Fry the onions and leek in the oil until lightly coloured, then put potatoes, onions and leeks into a pan and add stock to just cover cover ingredients. Bring slowly to boil, simmer for 20 minutes, or until potatoes are breaking up. Add the cubed corned beef about ten minutes before the potatoes are fully cooked. 

I know that some family members mash the whole thing together so it's kind of like a corned beef hash.... I prefer not to! I believe it is improved by a great big dollop of HP sauce!


----------



## kyles (Nov 24, 2004)

I am so impressed you have been on a number of Nick's courses. I have never been to a cookery school, but think I would love it. 

I love the regional and seasonal approach to cooking, I try to do that when I can, and I do a lot of shopping at my farmers market and other local markets.  It disturbs me in England how many people rely on ready meals and take aways when it can be so quick and easy to cook your own healthy wonderful food. 

And I knew you would have a recipe for Cranachan!!!!! Thank you!!!!!


----------



## Leaf Storm (Nov 24, 2004)

Yes, it is disturbing how nobody cooks here and eats ready meal crap!

So you are from OZ?  I'm very interested. Do people mostly cook there in OZ? I must admit that I just assumed that it would be like here and the US with most people eating ready meals.


----------



## Ishbel (Nov 24, 2004)

Nick is great - so is his school chef, John.  An Englishman!  They make a great double act.  

I've got family in Australia - and have visited there several times, although I haven't really travelled round the whole of the landmass!  
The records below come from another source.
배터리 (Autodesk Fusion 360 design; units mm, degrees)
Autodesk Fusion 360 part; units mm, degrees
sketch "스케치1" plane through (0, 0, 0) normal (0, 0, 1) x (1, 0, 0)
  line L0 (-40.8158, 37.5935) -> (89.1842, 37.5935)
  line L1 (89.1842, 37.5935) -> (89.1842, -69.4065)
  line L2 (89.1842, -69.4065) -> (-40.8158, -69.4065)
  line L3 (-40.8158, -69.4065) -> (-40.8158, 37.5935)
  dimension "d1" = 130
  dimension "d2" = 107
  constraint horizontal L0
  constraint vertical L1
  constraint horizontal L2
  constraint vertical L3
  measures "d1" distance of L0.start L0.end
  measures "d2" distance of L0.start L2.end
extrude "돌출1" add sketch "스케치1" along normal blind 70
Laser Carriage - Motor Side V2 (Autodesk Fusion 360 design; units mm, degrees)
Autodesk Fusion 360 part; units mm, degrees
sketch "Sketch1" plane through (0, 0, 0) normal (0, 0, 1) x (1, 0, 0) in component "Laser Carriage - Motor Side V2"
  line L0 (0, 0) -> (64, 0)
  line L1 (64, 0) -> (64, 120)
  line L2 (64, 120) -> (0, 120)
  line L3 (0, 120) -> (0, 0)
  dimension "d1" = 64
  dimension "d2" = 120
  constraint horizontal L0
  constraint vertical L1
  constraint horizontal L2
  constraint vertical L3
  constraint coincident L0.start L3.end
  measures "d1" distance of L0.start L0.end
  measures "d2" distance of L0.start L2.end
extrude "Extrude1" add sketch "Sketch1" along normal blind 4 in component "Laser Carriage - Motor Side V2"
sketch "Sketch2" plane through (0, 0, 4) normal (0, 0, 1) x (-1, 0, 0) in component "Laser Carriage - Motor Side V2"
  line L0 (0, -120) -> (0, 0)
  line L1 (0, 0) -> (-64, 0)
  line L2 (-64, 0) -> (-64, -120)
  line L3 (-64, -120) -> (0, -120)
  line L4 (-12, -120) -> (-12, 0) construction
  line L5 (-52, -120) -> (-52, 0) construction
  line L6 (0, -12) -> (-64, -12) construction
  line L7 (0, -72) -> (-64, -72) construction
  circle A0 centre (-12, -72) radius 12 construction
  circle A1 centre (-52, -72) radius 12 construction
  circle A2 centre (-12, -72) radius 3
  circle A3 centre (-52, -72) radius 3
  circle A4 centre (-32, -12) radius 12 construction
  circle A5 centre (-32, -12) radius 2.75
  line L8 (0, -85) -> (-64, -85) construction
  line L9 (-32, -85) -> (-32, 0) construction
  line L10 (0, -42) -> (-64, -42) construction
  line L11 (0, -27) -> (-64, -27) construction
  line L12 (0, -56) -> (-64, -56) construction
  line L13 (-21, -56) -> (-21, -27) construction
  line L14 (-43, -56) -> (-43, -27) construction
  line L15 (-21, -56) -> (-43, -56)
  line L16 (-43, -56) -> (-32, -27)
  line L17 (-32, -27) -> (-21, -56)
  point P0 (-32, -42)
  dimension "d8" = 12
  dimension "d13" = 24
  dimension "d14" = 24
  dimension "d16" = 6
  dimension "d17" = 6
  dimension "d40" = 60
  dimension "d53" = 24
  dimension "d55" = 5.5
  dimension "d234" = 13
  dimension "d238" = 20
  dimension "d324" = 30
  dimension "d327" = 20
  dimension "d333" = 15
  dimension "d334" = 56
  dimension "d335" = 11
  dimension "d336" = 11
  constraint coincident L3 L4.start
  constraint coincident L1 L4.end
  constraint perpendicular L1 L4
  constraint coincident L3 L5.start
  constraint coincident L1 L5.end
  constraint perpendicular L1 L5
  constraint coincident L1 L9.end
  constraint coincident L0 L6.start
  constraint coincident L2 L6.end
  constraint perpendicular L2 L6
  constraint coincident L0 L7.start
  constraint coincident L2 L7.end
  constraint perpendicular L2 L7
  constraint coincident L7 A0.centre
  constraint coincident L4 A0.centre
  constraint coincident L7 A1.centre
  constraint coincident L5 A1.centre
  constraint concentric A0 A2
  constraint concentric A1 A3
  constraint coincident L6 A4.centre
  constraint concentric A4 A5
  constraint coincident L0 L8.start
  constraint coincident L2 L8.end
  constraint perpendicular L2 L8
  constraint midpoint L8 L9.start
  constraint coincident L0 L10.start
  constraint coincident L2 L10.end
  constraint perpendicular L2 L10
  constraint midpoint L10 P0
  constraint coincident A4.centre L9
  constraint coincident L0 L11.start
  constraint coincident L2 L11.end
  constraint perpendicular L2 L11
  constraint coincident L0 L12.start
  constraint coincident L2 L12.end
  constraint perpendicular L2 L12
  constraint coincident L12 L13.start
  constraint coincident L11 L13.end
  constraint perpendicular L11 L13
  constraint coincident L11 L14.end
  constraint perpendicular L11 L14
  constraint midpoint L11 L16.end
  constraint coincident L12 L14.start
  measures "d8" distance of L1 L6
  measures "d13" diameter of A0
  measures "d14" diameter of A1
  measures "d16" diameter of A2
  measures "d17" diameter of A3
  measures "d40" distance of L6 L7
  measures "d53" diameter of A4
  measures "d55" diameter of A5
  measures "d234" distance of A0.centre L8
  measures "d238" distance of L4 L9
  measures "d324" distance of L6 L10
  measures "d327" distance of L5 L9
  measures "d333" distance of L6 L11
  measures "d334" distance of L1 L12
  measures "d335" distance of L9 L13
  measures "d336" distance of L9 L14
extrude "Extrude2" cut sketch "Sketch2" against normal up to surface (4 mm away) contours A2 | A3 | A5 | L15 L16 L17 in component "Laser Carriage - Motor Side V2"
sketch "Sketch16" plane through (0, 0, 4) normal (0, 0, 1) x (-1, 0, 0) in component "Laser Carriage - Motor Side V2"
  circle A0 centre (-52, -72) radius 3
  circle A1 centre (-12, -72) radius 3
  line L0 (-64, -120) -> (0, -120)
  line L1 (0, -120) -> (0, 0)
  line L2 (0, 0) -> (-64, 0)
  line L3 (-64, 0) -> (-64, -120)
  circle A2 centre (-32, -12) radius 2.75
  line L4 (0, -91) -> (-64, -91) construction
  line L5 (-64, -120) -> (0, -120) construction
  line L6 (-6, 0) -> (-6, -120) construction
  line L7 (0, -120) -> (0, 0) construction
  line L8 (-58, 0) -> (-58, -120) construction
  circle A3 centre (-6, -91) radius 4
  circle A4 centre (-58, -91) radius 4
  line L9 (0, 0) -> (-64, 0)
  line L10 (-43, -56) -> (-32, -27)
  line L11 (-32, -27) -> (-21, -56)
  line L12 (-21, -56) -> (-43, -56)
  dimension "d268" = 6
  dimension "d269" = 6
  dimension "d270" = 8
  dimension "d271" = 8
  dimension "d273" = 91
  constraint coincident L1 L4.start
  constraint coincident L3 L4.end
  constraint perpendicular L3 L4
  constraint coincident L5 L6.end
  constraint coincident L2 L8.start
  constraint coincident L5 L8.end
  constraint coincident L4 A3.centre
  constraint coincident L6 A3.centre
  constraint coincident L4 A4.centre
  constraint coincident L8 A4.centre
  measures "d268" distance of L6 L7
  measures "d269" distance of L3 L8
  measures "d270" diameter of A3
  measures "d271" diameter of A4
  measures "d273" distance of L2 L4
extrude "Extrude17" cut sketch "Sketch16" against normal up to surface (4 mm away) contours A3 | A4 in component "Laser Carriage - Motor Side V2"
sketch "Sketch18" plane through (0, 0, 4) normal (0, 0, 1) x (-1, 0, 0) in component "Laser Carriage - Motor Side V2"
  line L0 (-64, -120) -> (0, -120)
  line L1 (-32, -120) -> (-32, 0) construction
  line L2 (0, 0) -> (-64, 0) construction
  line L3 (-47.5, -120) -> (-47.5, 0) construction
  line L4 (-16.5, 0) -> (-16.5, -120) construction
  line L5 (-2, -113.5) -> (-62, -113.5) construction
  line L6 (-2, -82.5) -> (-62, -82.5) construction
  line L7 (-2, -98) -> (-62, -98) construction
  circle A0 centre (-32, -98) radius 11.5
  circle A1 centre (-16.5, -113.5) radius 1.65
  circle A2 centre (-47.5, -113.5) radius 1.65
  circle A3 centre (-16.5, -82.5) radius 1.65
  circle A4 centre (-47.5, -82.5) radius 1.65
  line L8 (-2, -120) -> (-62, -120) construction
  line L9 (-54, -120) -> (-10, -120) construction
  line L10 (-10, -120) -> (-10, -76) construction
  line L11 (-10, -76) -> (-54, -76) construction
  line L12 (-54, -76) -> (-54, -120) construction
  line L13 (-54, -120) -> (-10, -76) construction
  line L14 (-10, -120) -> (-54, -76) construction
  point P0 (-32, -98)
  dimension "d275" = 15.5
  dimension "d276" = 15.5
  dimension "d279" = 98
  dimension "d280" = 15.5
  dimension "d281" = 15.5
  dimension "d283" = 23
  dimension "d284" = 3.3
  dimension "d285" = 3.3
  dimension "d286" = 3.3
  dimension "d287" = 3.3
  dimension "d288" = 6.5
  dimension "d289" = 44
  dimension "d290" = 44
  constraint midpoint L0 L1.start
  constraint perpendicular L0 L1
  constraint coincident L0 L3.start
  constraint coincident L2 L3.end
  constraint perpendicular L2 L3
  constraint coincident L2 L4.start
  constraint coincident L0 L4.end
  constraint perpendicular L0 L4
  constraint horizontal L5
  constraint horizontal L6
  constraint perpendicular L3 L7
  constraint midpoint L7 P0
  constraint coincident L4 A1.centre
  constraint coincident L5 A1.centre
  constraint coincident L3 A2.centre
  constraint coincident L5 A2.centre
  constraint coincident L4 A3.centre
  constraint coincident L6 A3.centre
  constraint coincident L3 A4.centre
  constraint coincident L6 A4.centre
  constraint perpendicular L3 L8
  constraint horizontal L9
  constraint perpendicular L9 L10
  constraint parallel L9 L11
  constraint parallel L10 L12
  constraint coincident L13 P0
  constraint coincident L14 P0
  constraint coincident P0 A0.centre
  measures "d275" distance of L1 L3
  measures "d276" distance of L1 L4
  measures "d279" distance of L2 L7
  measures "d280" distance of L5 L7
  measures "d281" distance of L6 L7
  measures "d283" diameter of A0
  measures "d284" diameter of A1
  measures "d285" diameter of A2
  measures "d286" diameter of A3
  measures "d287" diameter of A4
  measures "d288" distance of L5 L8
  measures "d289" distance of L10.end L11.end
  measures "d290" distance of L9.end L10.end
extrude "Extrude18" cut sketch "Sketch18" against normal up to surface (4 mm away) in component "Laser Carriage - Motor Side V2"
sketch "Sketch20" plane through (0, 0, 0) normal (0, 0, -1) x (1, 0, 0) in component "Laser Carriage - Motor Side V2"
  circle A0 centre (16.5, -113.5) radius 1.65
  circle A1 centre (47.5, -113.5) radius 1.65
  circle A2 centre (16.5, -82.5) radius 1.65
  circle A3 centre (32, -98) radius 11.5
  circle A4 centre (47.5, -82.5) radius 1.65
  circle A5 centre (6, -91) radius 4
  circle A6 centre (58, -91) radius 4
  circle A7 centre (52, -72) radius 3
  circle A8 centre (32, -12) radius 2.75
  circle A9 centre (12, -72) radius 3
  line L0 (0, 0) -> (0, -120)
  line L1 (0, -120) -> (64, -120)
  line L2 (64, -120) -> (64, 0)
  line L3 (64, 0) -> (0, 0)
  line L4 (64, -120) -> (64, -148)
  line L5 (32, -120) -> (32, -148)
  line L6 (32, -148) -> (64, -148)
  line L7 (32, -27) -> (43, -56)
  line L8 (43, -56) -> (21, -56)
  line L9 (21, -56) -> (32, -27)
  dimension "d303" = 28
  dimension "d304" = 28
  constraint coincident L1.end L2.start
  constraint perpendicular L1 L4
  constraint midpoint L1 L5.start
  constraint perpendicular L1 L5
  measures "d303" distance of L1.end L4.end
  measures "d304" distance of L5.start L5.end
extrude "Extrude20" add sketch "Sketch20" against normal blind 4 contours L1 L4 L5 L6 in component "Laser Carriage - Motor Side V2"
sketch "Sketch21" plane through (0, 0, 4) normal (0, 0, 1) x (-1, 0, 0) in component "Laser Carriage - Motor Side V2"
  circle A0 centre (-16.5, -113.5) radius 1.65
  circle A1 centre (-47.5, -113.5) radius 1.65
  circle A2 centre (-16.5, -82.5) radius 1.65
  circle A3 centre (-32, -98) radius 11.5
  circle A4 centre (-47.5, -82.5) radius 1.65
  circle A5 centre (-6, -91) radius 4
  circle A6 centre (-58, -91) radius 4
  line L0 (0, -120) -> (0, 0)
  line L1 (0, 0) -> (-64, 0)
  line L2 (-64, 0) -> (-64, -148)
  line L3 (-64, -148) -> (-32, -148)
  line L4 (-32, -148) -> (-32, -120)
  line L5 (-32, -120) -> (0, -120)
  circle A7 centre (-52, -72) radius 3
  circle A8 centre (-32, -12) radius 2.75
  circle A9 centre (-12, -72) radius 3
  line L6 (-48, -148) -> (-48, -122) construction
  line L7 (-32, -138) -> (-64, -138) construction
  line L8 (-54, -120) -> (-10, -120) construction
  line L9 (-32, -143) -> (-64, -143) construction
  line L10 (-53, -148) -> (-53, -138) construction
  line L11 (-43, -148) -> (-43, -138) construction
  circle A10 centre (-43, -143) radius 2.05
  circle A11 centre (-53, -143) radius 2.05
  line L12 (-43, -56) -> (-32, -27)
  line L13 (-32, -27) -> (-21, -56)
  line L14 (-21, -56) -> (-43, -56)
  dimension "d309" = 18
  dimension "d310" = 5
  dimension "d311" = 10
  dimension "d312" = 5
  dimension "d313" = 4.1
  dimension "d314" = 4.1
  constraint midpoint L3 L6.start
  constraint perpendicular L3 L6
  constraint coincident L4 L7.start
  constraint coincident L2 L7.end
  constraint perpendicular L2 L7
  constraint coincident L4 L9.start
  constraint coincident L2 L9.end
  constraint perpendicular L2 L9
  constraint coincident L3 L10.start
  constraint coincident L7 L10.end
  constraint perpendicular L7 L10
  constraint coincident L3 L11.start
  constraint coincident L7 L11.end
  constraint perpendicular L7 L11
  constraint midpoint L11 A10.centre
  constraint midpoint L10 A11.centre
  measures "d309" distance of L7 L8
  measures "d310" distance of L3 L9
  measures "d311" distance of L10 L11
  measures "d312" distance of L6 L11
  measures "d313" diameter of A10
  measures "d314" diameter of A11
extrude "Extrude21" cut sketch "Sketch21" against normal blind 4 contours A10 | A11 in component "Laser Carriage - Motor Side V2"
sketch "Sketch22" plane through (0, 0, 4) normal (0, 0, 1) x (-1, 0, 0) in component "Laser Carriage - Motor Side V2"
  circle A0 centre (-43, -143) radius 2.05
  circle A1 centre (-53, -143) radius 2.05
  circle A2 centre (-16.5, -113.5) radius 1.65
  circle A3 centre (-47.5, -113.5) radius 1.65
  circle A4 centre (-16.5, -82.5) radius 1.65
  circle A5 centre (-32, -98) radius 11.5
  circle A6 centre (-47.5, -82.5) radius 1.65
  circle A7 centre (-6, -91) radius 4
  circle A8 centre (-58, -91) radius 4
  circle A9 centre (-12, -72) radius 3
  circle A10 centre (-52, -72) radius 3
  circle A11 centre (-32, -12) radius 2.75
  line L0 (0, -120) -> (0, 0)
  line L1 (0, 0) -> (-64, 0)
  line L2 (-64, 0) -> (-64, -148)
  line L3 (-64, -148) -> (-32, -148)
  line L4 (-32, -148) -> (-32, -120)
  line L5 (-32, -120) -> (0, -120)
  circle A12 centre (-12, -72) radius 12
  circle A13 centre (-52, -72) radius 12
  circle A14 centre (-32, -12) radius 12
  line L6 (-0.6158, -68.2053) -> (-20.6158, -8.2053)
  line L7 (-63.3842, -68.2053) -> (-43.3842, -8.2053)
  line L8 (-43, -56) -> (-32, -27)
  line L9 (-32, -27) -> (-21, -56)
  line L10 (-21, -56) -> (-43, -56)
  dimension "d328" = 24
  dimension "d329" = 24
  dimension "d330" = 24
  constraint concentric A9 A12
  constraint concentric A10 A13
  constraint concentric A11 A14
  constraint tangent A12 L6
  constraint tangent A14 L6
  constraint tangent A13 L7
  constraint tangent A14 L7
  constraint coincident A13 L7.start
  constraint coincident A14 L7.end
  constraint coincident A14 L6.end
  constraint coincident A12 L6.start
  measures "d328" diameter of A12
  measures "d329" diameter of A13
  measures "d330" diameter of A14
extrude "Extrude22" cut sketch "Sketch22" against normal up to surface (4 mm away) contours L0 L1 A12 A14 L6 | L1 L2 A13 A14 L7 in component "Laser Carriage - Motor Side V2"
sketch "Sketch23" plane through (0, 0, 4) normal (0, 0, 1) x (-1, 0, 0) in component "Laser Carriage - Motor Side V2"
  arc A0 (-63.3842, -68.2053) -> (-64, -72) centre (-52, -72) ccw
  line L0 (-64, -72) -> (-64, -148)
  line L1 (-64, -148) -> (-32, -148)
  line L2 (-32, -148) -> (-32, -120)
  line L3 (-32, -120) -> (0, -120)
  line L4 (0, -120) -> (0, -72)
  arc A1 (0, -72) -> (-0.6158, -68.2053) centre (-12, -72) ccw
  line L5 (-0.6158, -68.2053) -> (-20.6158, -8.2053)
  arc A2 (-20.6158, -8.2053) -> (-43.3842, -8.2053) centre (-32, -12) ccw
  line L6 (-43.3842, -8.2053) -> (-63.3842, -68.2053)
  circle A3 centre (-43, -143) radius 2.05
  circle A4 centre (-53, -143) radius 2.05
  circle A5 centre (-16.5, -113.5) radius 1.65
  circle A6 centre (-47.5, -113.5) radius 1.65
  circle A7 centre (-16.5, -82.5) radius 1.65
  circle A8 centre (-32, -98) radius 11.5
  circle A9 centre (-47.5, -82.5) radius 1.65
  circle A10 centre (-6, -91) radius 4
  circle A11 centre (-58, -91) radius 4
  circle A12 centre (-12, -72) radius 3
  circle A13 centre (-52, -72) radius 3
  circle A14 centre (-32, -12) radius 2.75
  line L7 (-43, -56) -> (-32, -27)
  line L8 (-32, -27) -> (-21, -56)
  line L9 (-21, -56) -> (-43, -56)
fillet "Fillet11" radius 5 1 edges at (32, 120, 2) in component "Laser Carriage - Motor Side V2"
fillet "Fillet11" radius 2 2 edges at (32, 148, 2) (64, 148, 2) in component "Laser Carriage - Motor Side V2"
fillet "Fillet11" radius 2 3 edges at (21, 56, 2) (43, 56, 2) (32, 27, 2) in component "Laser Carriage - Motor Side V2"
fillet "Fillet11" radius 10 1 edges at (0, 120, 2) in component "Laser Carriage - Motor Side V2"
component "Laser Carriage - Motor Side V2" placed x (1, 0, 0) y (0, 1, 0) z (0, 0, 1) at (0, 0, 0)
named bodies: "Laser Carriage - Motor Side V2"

Got to admit, I use very little precooked or packaged food. I don't think I've ever used a packet cake mix for instance!  Oh, I tell a lie, I tried a Betty Crocker Angel cake recipe once... blech  

We have a good farmer's market here - but I buy a lot of produce direct from the growers locally.  My butcher, for instance, also has a farm and raised beef and sheep organically.  Great meat!


----------



## Leaf Storm (Nov 24, 2004)

I always cook from scratch. I pretty much hate ready meals. They are nasty tasting! You get a tiny amount of chewy "meat" one or two veg if you are lucky and everything contained in a gloopy chemical slop they call "sauce" and anyway, cooking is fun.  The only pre-made thing I will eat is pizza...and that's what I am eating tonight  lol


----------



## Ishbel (Nov 24, 2004)

I couldn't agree more!

I was the only family member at home tonight - so dinner was a mushrom and chives omelette!  Sometimes the simplest dish is best


----------



## Leaf Storm (Nov 24, 2004)

Yes! I agree with you  Actually, very often the simple food is the best!


----------



## Audeo (Nov 24, 2004)

Leaf Storm said:
			
		

> Yes, it is disturbing how nobody cooks here and eats ready meal crap!



That, leaf storm, is an absolute understatement!

I feel your pain...


----------



## kyles (Nov 25, 2004)

I had never seen a ready meal until I moved to Britain!!!! I couldn't believe that my Tescos had two massive chiller cabinets devoted to the ready meal!!!! We do have frozen tv dinners in Oz but I don't know anyone who buys them, unless your kitchen is being remodelled and you only have a microwave for company!!!

Cooking is a lot bigger in Oz, all my friends used to make their own cakes and biscuits, but none of my English friends can do much more than boil pasta.  It's just a different culture altogether. Our working hours are shorter and we have a much better work life balance than England.

Somany cookbooks here are Australian, the Women's Weekly series is huge, and so many of the tv chefs have an Aussie background. And our population is so small compared to England, it's pretty amazing how different the Aussie attitude to food is.


----------



## Ishbel (Nov 25, 2004)

I have to confess though, Kyles that I never had a salad in Aus that had any taste (until you added dressings etc) unless they were grown by the cook (my brother-in-law!)  - the tomatoes bought in places like Woolworths or in restaurants  look wonderful - but have no taste....    A bit like Spanish tomatoes and fruit we get here in the UK....   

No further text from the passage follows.